Task –
Would you reproduce exactly the lines below from the one holding "mat_bottomheight.use_transparent_shadow = False" through the one holding "world_world_001.use_sun_shadow = False", inclusive, and no others?

Input data –
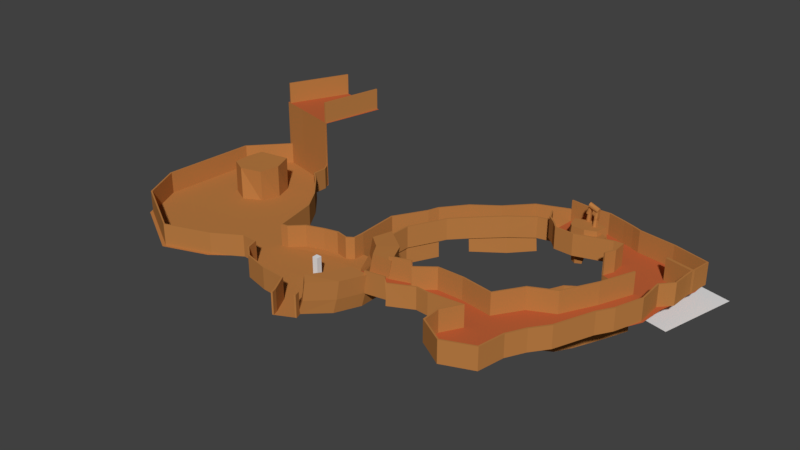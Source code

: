 # Source: level2Edited.blend  (saved by Blender 2.79.0; exported with 4.5.12 LTS)
import bpy
from mathutils import Matrix  # noqa: F401  (used for matrix-valued properties, if any)

bpy.ops.wm.read_factory_settings(use_empty=True)
scene = bpy.context.scene
scene.name = 'Simplified'

# ---- collections
col_collection_1 = bpy.data.collections.new('Collection 1'); scene.collection.children.link(col_collection_1)

# ---- materials (node trees are filled in below, after node groups)
mat_firstheight = bpy.data.materials.new('firstHeight')
mat_firstheight.alpha_threshold = 0.0
mat_firstheight.use_transparent_shadow = False
mat_firstheight.diffuse_color = (0.4969, 0.2041, 0.05714, 1.0)
mat_firstheight.roughness = 0.5
mat_bottomheight = bpy.data.materials.new('bottomHeight')
mat_bottomheight.alpha_threshold = 0.0
mat_bottomheight.use_transparent_shadow = False
mat_bottomheight.diffuse_color = (0.1329, 0.04977, 0.01786, 1.0)
mat_bottomheight.roughness = 0.5
mat_secondheight = bpy.data.materials.new('secondHeight')
mat_secondheight.alpha_threshold = 0.0
mat_secondheight.use_transparent_shadow = False
mat_secondheight.diffuse_color = (0.5173, 0.1229, 0.03999, 1.0)
mat_secondheight.roughness = 0.5

# ---- material node trees

# ---- world
world_world_001 = bpy.data.worlds.new('World.001'); scene.world = world_world_001
world_world_001.color = (0.05088, 0.05088, 0.05088)
world_world_001.use_sun_shadow = False
world_world_001.sun_shadow_jitter_overblur = 0.0
world_world_001.cycles.sampling_method = 'MANUAL'

# ---- meshes
me_cube_002 = bpy.data.meshes.new('Cube.002')
me_cube_002.from_pydata([(-6.706, -6.706, -0.615), (-6.513, -6.572, 12.55), (-5.886, 7.16, -0.615), (-5.58, 5.825, 12.55), (6.706, -6.706, -0.615), (7.453, -7.464, 12.55), (6.706, 6.706, -0.615), (5.991, 7.644, 12.55), (0.0, 6.706, -0.615), (0.0, 6.706, 12.55), (0.07501, -10.28, -0.615), (-0.6665, -9.602, 12.55), (-6.706, 0.0, -0.615), (-6.706, 0.0, 12.55), (9.006, 0.0, -0.615), (9.006, 0.0, 12.55), (0.0, 0.0, 12.55), (0.0, 0.0, -0.005526)], [], [(12, 13, 3, 2), (8, 9, 7, 6), (14, 15, 5, 4), (10, 11, 1, 0), (17, 14, 4, 10), (16, 13, 1, 11), (15, 16, 11, 5), (12, 17, 10, 0), (4, 5, 11, 10), (2, 3, 9, 8), (2, 8, 17, 12), (7, 9, 16, 15), (9, 3, 13, 16), (8, 6, 14, 17), (6, 7, 15, 14), (0, 1, 13, 12)])
me_cube_002.materials.append(mat_firstheight)
me_cube_002.use_remesh_preserve_volume = False
me_cube_002.use_remesh_preserve_attributes = False
me_cube_002.use_mirror_vertex_groups = False
me_cube_002.update()
me_cube = bpy.data.meshes.new('Cube')
me_cube.from_pydata([(-1.0, -1.0, -1.0), (-1.0, -1.0, 1.0), (-1.0, 1.0, -1.0), (-1.0, 1.0, 1.0), (1.0, -1.0, -1.0), (1.0, -1.0, 1.0), (1.0, 1.0, -1.0), (1.0, 1.0, 1.0)], [], [(0, 1, 3, 2), (2, 3, 7, 6), (6, 7, 5, 4), (4, 5, 1, 0), (2, 6, 4, 0), (7, 3, 1, 5)])
me_cube.use_remesh_preserve_volume = False
me_cube.use_remesh_preserve_attributes = False
me_cube.use_mirror_vertex_groups = False
me_cube.update()
me_plane_007 = bpy.data.meshes.new('Plane.007')
me_plane_007.from_pydata([(24.23, -3.949, 5.444), (57.85, 1.857, 3.582), (45.39, 0.7159, 3.582), (31.86, -3.19, 3.582), (40.62, 1.111, 3.582), (31.86, -3.19, 5.753), (53.75, -5.27, 3.582), (53.99, -11.84, 3.582), (24.23, -3.949, 13.45), (57.85, 1.857, 11.59), (45.39, 0.7159, 11.59), (31.86, -3.19, 11.59), (40.62, 1.111, 11.59), (31.86, -3.19, 13.76), (53.75, -5.27, 11.59), (53.99, -11.84, 11.59), (63.41, -17.57, 11.64), (44.13, 70.54, 3.582), (8.617, 34.91, -0.06176), (46.11, 66.29, 3.582), (51.65, 60.93, 3.582), (49.4, 63.53, 3.582), (58.45, 60.6, 3.582), (10.75, -20.03, -3.719e-05), (8.235, 21.16, -0.06176), (21.0, 53.97, 0.06217), (38.84, 69.35, 0.06217), (14.15, 45.79, -0.06176), (31.68, 61.51, 1.064), (44.13, 70.54, 0.03357), (71.34, 64.61, 3.582), (24.23, 7.139, 5.444), (74.75, 64.73, 3.582), (75.08, 59.3, 3.582), (73.39, 55.26, 3.582), (66.28, 21.71, 3.582), (59.9, 12.14, 3.582), (48.05, 13.98, 3.582), (31.96, 9.072, 3.582), (38.43, 14.08, 3.582), (31.96, 9.072, 5.753), (15.46, 48.15, 0.06307), (73.39, 55.26, -10.25), (66.37, 21.84, -10.25), (66.9, 52.91, -10.25), (62.57, 50.1, -10.25), (60.88, 46.4, -10.25), (55.6, 36.51, -10.25), (56.7, 29.46, -10.25), (60.2, 25.69, -10.25), (11.46, -22.13, -3.719e-05), (44.13, 70.54, 11.69), (8.617, 34.91, 8.042), (46.11, 66.29, 11.69), (51.65, 60.93, 11.69), (49.4, 63.53, 11.69), (58.45, 60.6, 11.69), (10.75, -20.03, 8.104), (8.235, 21.16, 8.042), (21.0, 53.97, 8.166), (38.84, 69.35, 8.166), (14.15, 45.79, 8.042), (31.68, 61.51, 9.169), (44.13, 70.54, 8.138), (71.34, 64.61, 11.69), (24.23, 7.139, 13.55), (74.75, 64.73, 11.69), (75.08, 59.3, 11.69), (73.39, 55.26, 11.69), (66.28, 21.71, 11.69), (59.9, 12.14, 11.69), (48.05, 13.98, 11.69), (31.96, 9.072, 11.69), (38.43, 14.08, 11.69), (31.96, 9.072, 13.86), (15.46, 48.15, 8.167), (73.39, 55.26, -2.142), (66.37, 21.84, -2.142), (66.9, 52.91, -2.142), (62.57, 50.1, -2.142), (60.88, 46.4, -2.142), (55.6, 36.51, -2.142), (56.7, 29.46, -2.142), (60.2, 25.69, -2.142), (11.46, -22.13, 8.104), (7.012, 48.92, -0.06176), (0.8864, 21.55, -0.06176), (33.16, 76.96, 0.06217), (15.5, 61.41, 0.06217), (67.07, 78.7, 3.582), (52.67, 80.52, 3.582), (0.2096, 37.34, -0.06176), (0.6994, 17.42, -0.1022), (60.25, 80.8, 3.582), (8.599, 52.78, 0.06307), (44.86, 81.53, 3.582), (-1.85, 15.71, -0.1107), (-22.38, 8.963, -2.003e-05), (-17.81, 13.31, -2.003e-05), (-11.44, 15.45, -2.48e-05), (-6.349, 16.64, -2.48e-05), (25.92, 66.32, 1.064), (44.86, 81.53, 0.03357), (71.12, 77.32, 3.582), (74.3, 76.04, 3.582), (87.89, 73.99, 3.582), (99.3, 59.18, 3.582), (100.8, 70.45, 3.582), (99.85, 63.25, 3.652), (99.11, 52.89, 3.582), (95.31, 48.67, 3.582), (95.88, 38.55, 3.582), (92.35, 28.48, 3.582), (88.99, 22.92, 3.582), (83.52, 8.959, 3.582), (79.0, 2.963, 3.582), (75.55, -3.702, 3.582), (73.87, -13.42, 3.582), (63.41, -17.57, 3.582), (-25.09, 8.612, -3.815e-05), (-28.62, 25.4, -3.815e-05), (-33.8, 33.62, -3.815e-05), (-41.42, 42.34, -3.815e-05), (-47.09, 54.54, 25.22), (-47.09, 54.54, -3.815e-05), (-45.61, 51.77, -3.815e-05), (-45.66, 46.26, -3.815e-05), (-41.96, 77.98, 25.22), (7.012, 48.92, 8.046), (0.8864, 21.55, 8.046), (33.16, 76.96, 8.17), (15.5, 61.41, 8.17), (67.07, 78.7, 11.69), (52.67, 80.52, 11.69), (0.2096, 37.34, 8.046), (0.6994, 17.42, 8.005), (60.25, 80.8, 11.69), (8.599, 52.78, 8.17), (44.86, 81.53, 11.69), (-1.85, 15.71, 7.997), (-22.38, 8.963, 8.107), (-17.81, 13.31, 8.107), (-11.44, 15.45, 8.107), (-6.349, 16.64, 8.107), (25.92, 66.32, 9.172), (44.86, 81.53, 8.141), (71.12, 77.32, 11.69), (74.3, 76.04, 11.69), (87.89, 73.99, 11.69), (99.3, 59.18, 11.69), (100.8, 70.45, 11.69), (99.85, 63.25, 11.76), (99.11, 52.89, 11.69), (95.31, 48.67, 11.69), (95.88, 38.55, 11.69), (92.35, 28.48, 11.69), (88.99, 22.92, 11.69), (83.52, 8.959, 11.69), (79.0, 2.963, 11.69), (75.55, -3.702, 11.69), (73.87, -13.42, 11.69), (-25.09, 8.612, 8.107), (-28.62, 25.4, 8.107), (-33.8, 33.62, 8.107), (-41.42, 42.34, 8.107), (-47.09, 54.54, 33.32), (-47.09, 54.54, 8.107), (-45.61, 51.77, 8.107), (-45.66, 46.26, 8.107), (-41.96, 77.98, 33.32), (-21.46, -9.484, -2.48e-05), (-17.18, -13.25, -2.956e-05), (-8.023, -15.67, -3.242e-05), (1.112, -16.43, -3.242e-05), (-29.11, -4.701, -3.815e-05), (-39.25, -10.66, -3.767e-05), (-55.69, -16.39, -3.767e-05), (-22.83, -5.136, -2.48e-05), (-79.38, -2.578, -3.767e-05), (-71.43, 61.13, 25.22), (-71.43, 61.13, -3.815e-05), (-83.92, 47.73, -3.815e-05), (-86.49, 12.22, -3.815e-05), (-61.02, 83.05, 25.22), (4.642, -23.04, -3.242e-05), (5.351, -25.13, -3.242e-05), (-21.46, -9.484, 8.107), (-17.18, -13.25, 8.107), (-8.023, -15.67, 8.107), (1.112, -16.43, 8.107), (-29.11, -4.701, 8.107), (-39.25, -10.66, 8.107), (-55.69, -16.39, 8.107), (-22.83, -5.136, 8.107), (-79.38, -2.578, 8.107), (-71.43, 61.13, 33.32), (-71.43, 61.13, 8.107), (-83.92, 47.73, 8.107), (-86.49, 12.22, 8.107), (-61.02, 83.05, 33.32), (4.642, -23.04, 8.107), (5.351, -25.13, 8.107), (24.3, -4.503, 5.444), (57.36, 1.548, 3.582), (45.4, 0.1587, 3.582), (32.14, -3.683, 3.582), (40.73, 0.5651, 3.582), (32.33, -3.528, 5.753), (53.17, -5.143, 3.582), (53.47, -12.11, 3.582), (24.3, -4.503, 13.45), (57.36, 1.548, 11.59), (45.4, 0.1587, 11.59), (32.41, -3.417, 11.59), (40.73, 0.5651, 11.59), (31.92, -3.744, 13.76), (53.17, -5.143, 11.59), (53.47, -12.12, 11.59), (63.37, -18.13, 11.64), (43.59, 70.32, 3.582), (9.197, 34.78, -0.06176), (45.63, 65.97, 3.582), (51.38, 60.43, 3.582), (48.97, 63.15, 3.582), (58.53, 60.05, 3.582), (11.32, -19.86, -3.719e-05), (8.831, 21.14, -0.06176), (21.42, 53.58, 0.06217), (39.06, 68.83, 0.06217), (14.68, 45.55, -0.06176), (32.09, 61.1, 1.064), (44.27, 70.0, 0.03357), (71.44, 64.06, 3.582), (24.08, 7.677, 5.444), (74.35, 64.32, 3.582), (74.49, 59.38, 3.582), (72.83, 55.46, 3.582), (65.91, 22.16, 3.582), (59.66, 12.65, 3.582), (48.1, 14.54, 3.582), (31.58, 9.501, 3.582), (38.23, 14.6, 3.582), (31.81, 9.611, 5.753), (15.96, 47.84, 0.06307), (73.17, 55.78, -10.25), (66.04, 21.37, -10.25), (66.62, 53.41, -10.25), (62.11, 50.45, -10.25), (60.33, 46.63, -10.25), (55.01, 36.6, -10.25), (56.16, 29.23, -10.25), (59.81, 25.27, -10.25), (12.03, -21.96, -3.719e-05), (43.59, 70.32, 11.69), (9.197, 34.78, 8.042), (45.63, 65.97, 11.69), (51.38, 60.43, 11.69), (48.97, 63.15, 11.69), (58.53, 60.05, 11.69), (11.32, -19.86, 8.104), (8.831, 21.14, 8.042), (21.39, 53.55, 8.166), (39.2, 68.9, 8.166), (14.68, 45.54, 8.042), (32.09, 61.1, 9.169), (44.27, 70.0, 8.138), (71.44, 64.06, 11.69), (24.08, 7.677, 13.55), (74.35, 64.32, 11.69), (74.49, 59.38, 11.69), (72.83, 55.46, 11.69), (65.91, 22.16, 11.69), (59.66, 12.65, 11.69), (48.1, 14.54, 11.69), (31.58, 9.501, 11.69), (38.23, 14.6, 11.69), (31.81, 9.611, 13.86), (15.94, 47.82, 8.167), (73.17, 55.78, -2.142), (65.8, 21.66, -2.142), (66.62, 53.41, -2.142), (62.11, 50.45, -2.142), (60.33, 46.63, -2.142), (55.01, 36.6, -2.142), (56.16, 29.23, -2.142), (59.81, 25.27, -2.142), (12.03, -21.96, 8.104), (6.474, 49.17, -0.06176), (0.29, 21.56, -0.06176), (32.85, 77.43, 0.06217), (15.06, 61.79, 0.06217), (67.27, 79.23, 3.582), (52.7, 81.07, 3.582), (-0.371, 37.47, -0.06176), (0.1857, 17.7, -0.1022), (60.34, 81.36, 3.582), (8.071, 53.04, 0.06307), (44.94, 82.08, 3.582), (-2.008, 16.24, -0.1107), (-22.65, 9.46, -2.003e-05), (-18.14, 13.78, -2.003e-05), (-11.61, 15.98, -2.48e-05), (-6.339, 17.19, -2.48e-05), (25.52, 66.73, 1.064), (44.63, 82.04, 0.03357), (71.34, 77.84, 3.582), (74.47, 76.58, 3.582), (88.02, 74.53, 3.582), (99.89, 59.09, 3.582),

Answer section –
mat_bottomheight.use_transparent_shadow = False
mat_bottomheight.diffuse_color = (0.1329, 0.04977, 0.01786, 1.0)
mat_bottomheight.roughness = 0.5
mat_secondheight = bpy.data.materials.new('secondHeight')
mat_secondheight.alpha_threshold = 0.0
mat_secondheight.use_transparent_shadow = False
mat_secondheight.diffuse_color = (0.5173, 0.1229, 0.03999, 1.0)
mat_secondheight.roughness = 0.5

# ---- material node trees

# ---- world
world_world_001 = bpy.data.worlds.new('World.001'); scene.world = world_world_001
world_world_001.color = (0.05088, 0.05088, 0.05088)
world_world_001.use_sun_shadow = False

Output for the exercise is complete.